D'abord le matin grec où tout a commencé et Homère aveugle. La littérature, la grande, est établie loin du tumulte extérieur, dans la durée immobile, réversible, de la réflexion. C'est à cette condition qu'elle pouvait naître, certes, mais Homère n'a pas fait réflexion qu'une chose qu'on raconte n'est pas la chose qui se vit, et que l'événement que l'on raconte n'est pas la lutte furieuse de soldats dans l'incertitude précipitée du présent. Il décrit des combats qu'il n'a pas faits devant un auditoire qu'il ne peut voir.

Voilà où veut en venir cet essai: la littérature ne s'est pas demandée si la distance temporelle, l'endroit de réflexion, la chambre à soi qu'elle revendique n'affecte pas le monde qu'elle tisse sur le papier. Car elle ne dit pas tant la réalité, l'existence, que l'idée que l'on s'en fait lorsqu'on n'y est pas (plus) impliqué.  

Il ne s'agit pas de contester l'importance du travail des Proust, kafka et Joyce, mais au plan qui occupe ici, l'auteur n'est pas tendre avec ces géants: "...il appartenait à des hommes inaptes aux tâches pratiques, à la guerre, au négoce, à des éléments de minorités inquiètes, persécutées, d'établir la vérité cachée, la signification virtuellement enfouie dans tout évènement, aurait-il échappé de part en part à la compréhension de ceux qui s'y trouvaient impliqués. "

Lorsque les "poitrinaires géniaux qui ont illustré Paris et Prague s'éteignent " (sic), William Faulkner a vint-cinq ans. Il est à l'opposé de l'écrivain européen traditionnel, comme Oxford au Mississipi, univers plein de rudesses et d'imprévus, l'est aux villes européennes où « on ne fait plus qu'intérioriser l'extérieur ». Il a toujours voulu raconter des histoires et la littérature vient en premier pour lui. Son imagination débordante, merveilleuse est servie par la texture d'une réalité extérieure à laquelle se frotter. "Un livre qui devait sortir de là devait pousser à même le tuf, sans terreau profond, continuellement enrichi, où ils plongent, pour nous, leurs racines. Les deux sens du mot culture se confondent, ici."  
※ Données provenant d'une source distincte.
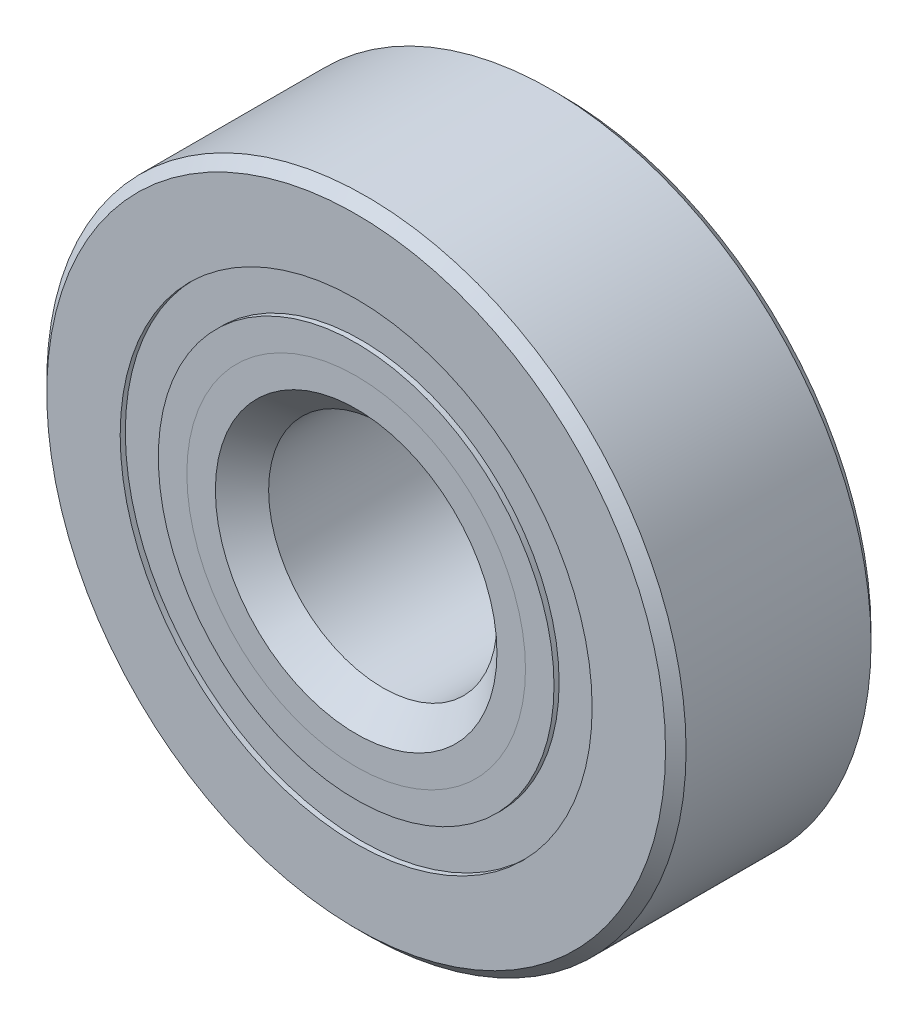
ISO-10303-21;
HEADER;
FILE_DESCRIPTION(('STEP AP214'),'2;1');
FILE_NAME('part.step','',(''),(''),'','','');
FILE_SCHEMA(('AUTOMOTIVE_DESIGN { 1 0 10303 214 1 1 1 1 }'));
ENDSEC;
DATA;
#1=APPLICATION_CONTEXT('core data for automotive mechanical design processes');
#2=APPLICATION_PROTOCOL_DEFINITION('international standard','automotive_design',2000,#1);
#3=PRODUCT_CONTEXT('',#1,'mechanical');
#4=PRODUCT('Part','Part','',(#3));
#5=PRODUCT_RELATED_PRODUCT_CATEGORY('part','',(#4));
#6=PRODUCT_DEFINITION_FORMATION('','',#4);
#7=PRODUCT_DEFINITION_CONTEXT('part definition',#1,'design');
#8=PRODUCT_DEFINITION('design','',#6,#7);
#9=PRODUCT_DEFINITION_SHAPE('','',#8);
#10=(LENGTH_UNIT() NAMED_UNIT(*) SI_UNIT(.MILLI.,.METRE.));
#11=(NAMED_UNIT(*) PLANE_ANGLE_UNIT() SI_UNIT($,.RADIAN.));
#12=(NAMED_UNIT(*) SI_UNIT($,.STERADIAN.) SOLID_ANGLE_UNIT());
#13=UNCERTAINTY_MEASURE_WITH_UNIT(LENGTH_MEASURE(1.E-05),#10,'distance_accuracy_value','');
#14=(GEOMETRIC_REPRESENTATION_CONTEXT(3) GLOBAL_UNCERTAINTY_ASSIGNED_CONTEXT((#13)) GLOBAL_UNIT_ASSIGNED_CONTEXT((#10,
#11,#12)) REPRESENTATION_CONTEXT('',''));
#15=CARTESIAN_POINT('',(0.,0.,0.));
#16=DIRECTION('',(0.,0.,1.));
#17=DIRECTION('',(1.,0.,0.));
#18=AXIS2_PLACEMENT_3D('',#15,#16,#17);
#19=CARTESIAN_POINT('',(0.,8.20353708791209,-3.39328125));
#20=DIRECTION('',(0.,0.,1.));
#21=DIRECTION('',(1.,0.,0.));
#22=AXIS2_PLACEMENT_3D('',#19,#20,#21);
#23=PLANE('',#22);
#24=CARTESIAN_POINT('',(0.,0.,-3.39328125));
#25=DIRECTION('',(0.,0.,1.));
#26=DIRECTION('',(1.,0.,0.));
#27=AXIS2_PLACEMENT_3D('',#24,#25,#26);
#28=CIRCLE('',#27,8.20353708791209);
#29=CARTESIAN_POINT('',(8.20353708791209,0.,-3.39328125));
#30=VERTEX_POINT('',#29);
#31=EDGE_CURVE('E57',#30,#30,#28,.T.);
#32=ORIENTED_EDGE('',*,*,#31,.F.);
#33=EDGE_LOOP('',(#32));
#34=FACE_BOUND('',#33,.T.);
#35=CARTESIAN_POINT('',(0.,0.,-3.39328125));
#36=DIRECTION('',(0.,0.,1.));
#37=DIRECTION('',(1.,0.,0.));
#38=AXIS2_PLACEMENT_3D('',#35,#36,#37);
#39=CIRCLE('',#38,6.87771291208791);
#40=CARTESIAN_POINT('',(6.87771291208791,0.,-3.39328125));
#41=VERTEX_POINT('',#40);
#42=EDGE_CURVE('E11',#41,#41,#39,.T.);
#43=ORIENTED_EDGE('',*,*,#42,.T.);
#44=EDGE_LOOP('',(#43));
#45=FACE_BOUND('',#44,.T.);
#46=ADVANCED_FACE('F43',(#34,#45),#23,.F.);
#47=CARTESIAN_POINT('',(0.,0.,3.571875));
#48=DIRECTION('',(0.,0.,1.));
#49=DIRECTION('',(1.,0.,0.));
#50=AXIS2_PLACEMENT_3D('',#47,#48,#49);
#51=CYLINDRICAL_SURFACE('',#50,6.87771291208791);
#52=ORIENTED_EDGE('',*,*,#42,.F.);
#53=EDGE_LOOP('',(#52));
#54=FACE_BOUND('',#53,.T.);
#55=CARTESIAN_POINT('',(0.,0.,-1.72035132641561));
#56=DIRECTION('',(0.,0.,1.));
#57=DIRECTION('',(1.,0.,0.));
#58=AXIS2_PLACEMENT_3D('',#55,#56,#57);
#59=CIRCLE('',#58,6.87771291208791);
#60=CARTESIAN_POINT('',(6.87771291208791,0.,-1.72035132641561));
#61=VERTEX_POINT('',#60);
#62=EDGE_CURVE('E49',#61,#61,#59,.T.);
#63=ORIENTED_EDGE('',*,*,#62,.T.);
#64=EDGE_LOOP('',(#63));
#65=FACE_BOUND('',#64,.T.);
#66=ADVANCED_FACE('F66',(#54,#65),#51,.F.);
#67=CARTESIAN_POINT('',(0.,8.20353708791209,-1.72035132641561));
#68=DIRECTION('',(0.,0.,-1.));
#69=DIRECTION('',(-1.,0.,0.));
#70=AXIS2_PLACEMENT_3D('',#67,#68,#69);
#71=PLANE('',#70);
#72=ORIENTED_EDGE('',*,*,#62,.F.);
#73=EDGE_LOOP('',(#72));
#74=FACE_BOUND('',#73,.T.);
#75=CARTESIAN_POINT('',(0.,0.,-1.72035132641561));
#76=DIRECTION('',(0.,0.,1.));
#77=DIRECTION('',(1.,0.,0.));
#78=AXIS2_PLACEMENT_3D('',#75,#76,#77);
#79=CIRCLE('',#78,8.20353708791209);
#80=CARTESIAN_POINT('',(8.20353708791209,0.,-1.72035132641561));
#81=VERTEX_POINT('',#80);
#82=EDGE_CURVE('E53',#81,#81,#79,.T.);
#83=ORIENTED_EDGE('',*,*,#82,.T.);
#84=EDGE_LOOP('',(#83));
#85=FACE_BOUND('',#84,.T.);
#86=ADVANCED_FACE('F70',(#74,#85),#71,.F.);
#87=CARTESIAN_POINT('',(0.,0.,3.571875));
#88=DIRECTION('',(0.,0.,1.));
#89=DIRECTION('',(1.,0.,0.));
#90=AXIS2_PLACEMENT_3D('',#87,#88,#89);
#91=CYLINDRICAL_SURFACE('',#90,8.20353708791209);
#92=ORIENTED_EDGE('',*,*,#82,.F.);
#93=EDGE_LOOP('',(#92));
#94=FACE_BOUND('',#93,.T.);
#95=ORIENTED_EDGE('',*,*,#31,.T.);
#96=EDGE_LOOP('',(#95));
#97=FACE_BOUND('',#96,.T.);
#98=ADVANCED_FACE('F63',(#94,#97),#91,.T.);
#99=CLOSED_SHELL('',(#46,#66,#86,#98));
#100=MANIFOLD_SOLID_BREP('B2',#99);
#101=CARTESIAN_POINT('',(0.,8.20353708791209,3.39328125));
#102=DIRECTION('',(0.,0.,-1.));
#103=DIRECTION('',(-1.,0.,0.));
#104=AXIS2_PLACEMENT_3D('',#101,#102,#103);
#105=PLANE('',#104);
#106=CARTESIAN_POINT('',(0.,0.,3.39328125));
#107=DIRECTION('',(0.,0.,1.));
#108=DIRECTION('',(1.,0.,0.));
#109=AXIS2_PLACEMENT_3D('',#106,#107,#108);
#110=CIRCLE('',#109,6.87771291208791);
#111=CARTESIAN_POINT('',(6.87771291208791,0.,3.39328125));
#112=VERTEX_POINT('',#111);
#113=EDGE_CURVE('E42',#112,#112,#110,.T.);
#114=ORIENTED_EDGE('',*,*,#113,.F.);
#115=EDGE_LOOP('',(#114));
#116=FACE_BOUND('',#115,.T.);
#117=CARTESIAN_POINT('',(0.,0.,3.39328125));
#118=DIRECTION('',(0.,0.,1.));
#119=DIRECTION('',(1.,0.,0.));
#120=AXIS2_PLACEMENT_3D('',#117,#118,#119);
#121=CIRCLE('',#120,8.20353708791209);
#122=CARTESIAN_POINT('',(8.20353708791209,0.,3.39328125));
#123=VERTEX_POINT('',#122);
#124=EDGE_CURVE('E124',#123,#123,#121,.T.);
#125=ORIENTED_EDGE('',*,*,#124,.T.);
#126=EDGE_LOOP('',(#125));
#127=FACE_BOUND('',#126,.T.);
#128=ADVANCED_FACE('F110',(#116,#127),#105,.F.);
#129=CARTESIAN_POINT('',(0.,0.,3.571875));
#130=DIRECTION('',(0.,0.,1.));
#131=DIRECTION('',(1.,0.,0.));
#132=AXIS2_PLACEMENT_3D('',#129,#130,#131);
#133=CYLINDRICAL_SURFACE('',#132,6.87771291208791);
#134=CARTESIAN_POINT('',(0.,0.,1.72035132641561));
#135=DIRECTION('',(0.,0.,1.));
#136=DIRECTION('',(1.,0.,0.));
#137=AXIS2_PLACEMENT_3D('',#134,#135,#136);
#138=CIRCLE('',#137,6.87771291208791);
#139=CARTESIAN_POINT('',(6.87771291208791,0.,1.72035132641561));
#140=VERTEX_POINT('',#139);
#141=EDGE_CURVE('E116',#140,#140,#138,.T.);
#142=ORIENTED_EDGE('',*,*,#141,.F.);
#143=EDGE_LOOP('',(#142));
#144=FACE_BOUND('',#143,.T.);
#145=ORIENTED_EDGE('',*,*,#113,.T.);
#146=EDGE_LOOP('',(#145));
#147=FACE_BOUND('',#146,.T.);
#148=ADVANCED_FACE('F139',(#144,#147),#133,.F.);
#149=CARTESIAN_POINT('',(0.,8.20353708791209,1.72035132641561));
#150=DIRECTION('',(0.,0.,1.));
#151=DIRECTION('',(1.,0.,0.));
#152=AXIS2_PLACEMENT_3D('',#149,#150,#151);
#153=PLANE('',#152);
#154=CARTESIAN_POINT('',(0.,0.,1.72035132641561));
#155=DIRECTION('',(0.,0.,1.));
#156=DIRECTION('',(1.,0.,0.));
#157=AXIS2_PLACEMENT_3D('',#154,#155,#156);
#158=CIRCLE('',#157,8.20353708791209);
#159=CARTESIAN_POINT('',(8.20353708791209,0.,1.72035132641561));
#160=VERTEX_POINT('',#159);
#161=EDGE_CURVE('E120',#160,#160,#158,.T.);
#162=ORIENTED_EDGE('',*,*,#161,.F.);
#163=EDGE_LOOP('',(#162));
#164=FACE_BOUND('',#163,.T.);
#165=ORIENTED_EDGE('',*,*,#141,.T.);
#166=EDGE_LOOP('',(#165));
#167=FACE_BOUND('',#166,.T.);
#168=ADVANCED_FACE('F134',(#164,#167),#153,.F.);
#169=CARTESIAN_POINT('',(0.,0.,3.571875));
#170=DIRECTION('',(0.,0.,1.));
#171=DIRECTION('',(1.,0.,0.));
#172=AXIS2_PLACEMENT_3D('',#169,#170,#171);
#173=CYLINDRICAL_SURFACE('',#172,8.20353708791209);
#174=ORIENTED_EDGE('',*,*,#124,.F.);
#175=EDGE_LOOP('',(#174));
#176=FACE_BOUND('',#175,.T.);
#177=ORIENTED_EDGE('',*,*,#161,.T.);
#178=EDGE_LOOP('',(#177));
#179=FACE_BOUND('',#178,.T.);
#180=ADVANCED_FACE('F131',(#176,#179),#173,.T.);
#181=CLOSED_SHELL('',(#128,#148,#168,#180));
#182=MANIFOLD_SOLID_BREP('B6',#181);
#183=CARTESIAN_POINT('',(-5.33202707188474,5.33202707188487,0.));
#184=DIRECTION('',(0.,0.,1.));
#185=DIRECTION('',(-0.707106781186539,0.707106781186556,0.));
#186=AXIS2_PLACEMENT_3D('',#183,#184,#185);
#187=SPHERICAL_SURFACE('',#186,1.72035132641561);
#188=CARTESIAN_POINT('',(-5.33202707188474,5.33202707188487,1.72035132641561));
#189=VERTEX_POINT('',#188);
#190=VERTEX_LOOP('',#189);
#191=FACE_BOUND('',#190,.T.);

Le rapport énergique avec la nature sauvage et féconde ainsi que le partage d'une culture fondamentale - la Bible – permettent à Faulkner d'en tirer les leçons et de transmettre sur papier la vérité immédiate du monde: "...les gens, les choses, lorsque la plume de Faulkner les transpose de l'espace poussiéreux sur la page blanche, conservent leur « naturel », (…). ''' 
 
En face de cela, le grand réalisme  a montré ses limites. L'irréalisme chez Balzac ou Zola réside dans les énumérations fastidieuses d'objets, les détails exhaustifs d'un tapis ou d'une robe. Dans un roman Faulknerien, un piquet de palissade surgit pour servir d'objet de défense ou d'attaque, pour aussitôt retomber dans le néant, et par là ce piquet existe vraiment. La réalité entre dans la littérature en 1929 avec Le Bruit et la Fureur
 
Nous y sommes.

Jusqu'à faulkner situe l'écrivain dans un contexte large, analyse certains fondements de son oeuvre, et éclaire sur un aspect de l'évolution de la littérature. Qu'on apprécie ou pas l'auteur américain importe peu. Je vous invite à y plonger sans complexe, la prose stylée aime parfois à se répéter, mais avec le bonheur de contribuer à la parfaite assimilation du sujet exigeant. 
 
Je me suis permis de beaucoup citer Pierre Bergounioux pour faire comprendre son propos mais aussi par admiration pour l'écriture prégnante et efficace qui le caractérise. J'espère qu'on voudra bien m'excuser ces emprunts destinés avant tout à servir ce bel ouvrage.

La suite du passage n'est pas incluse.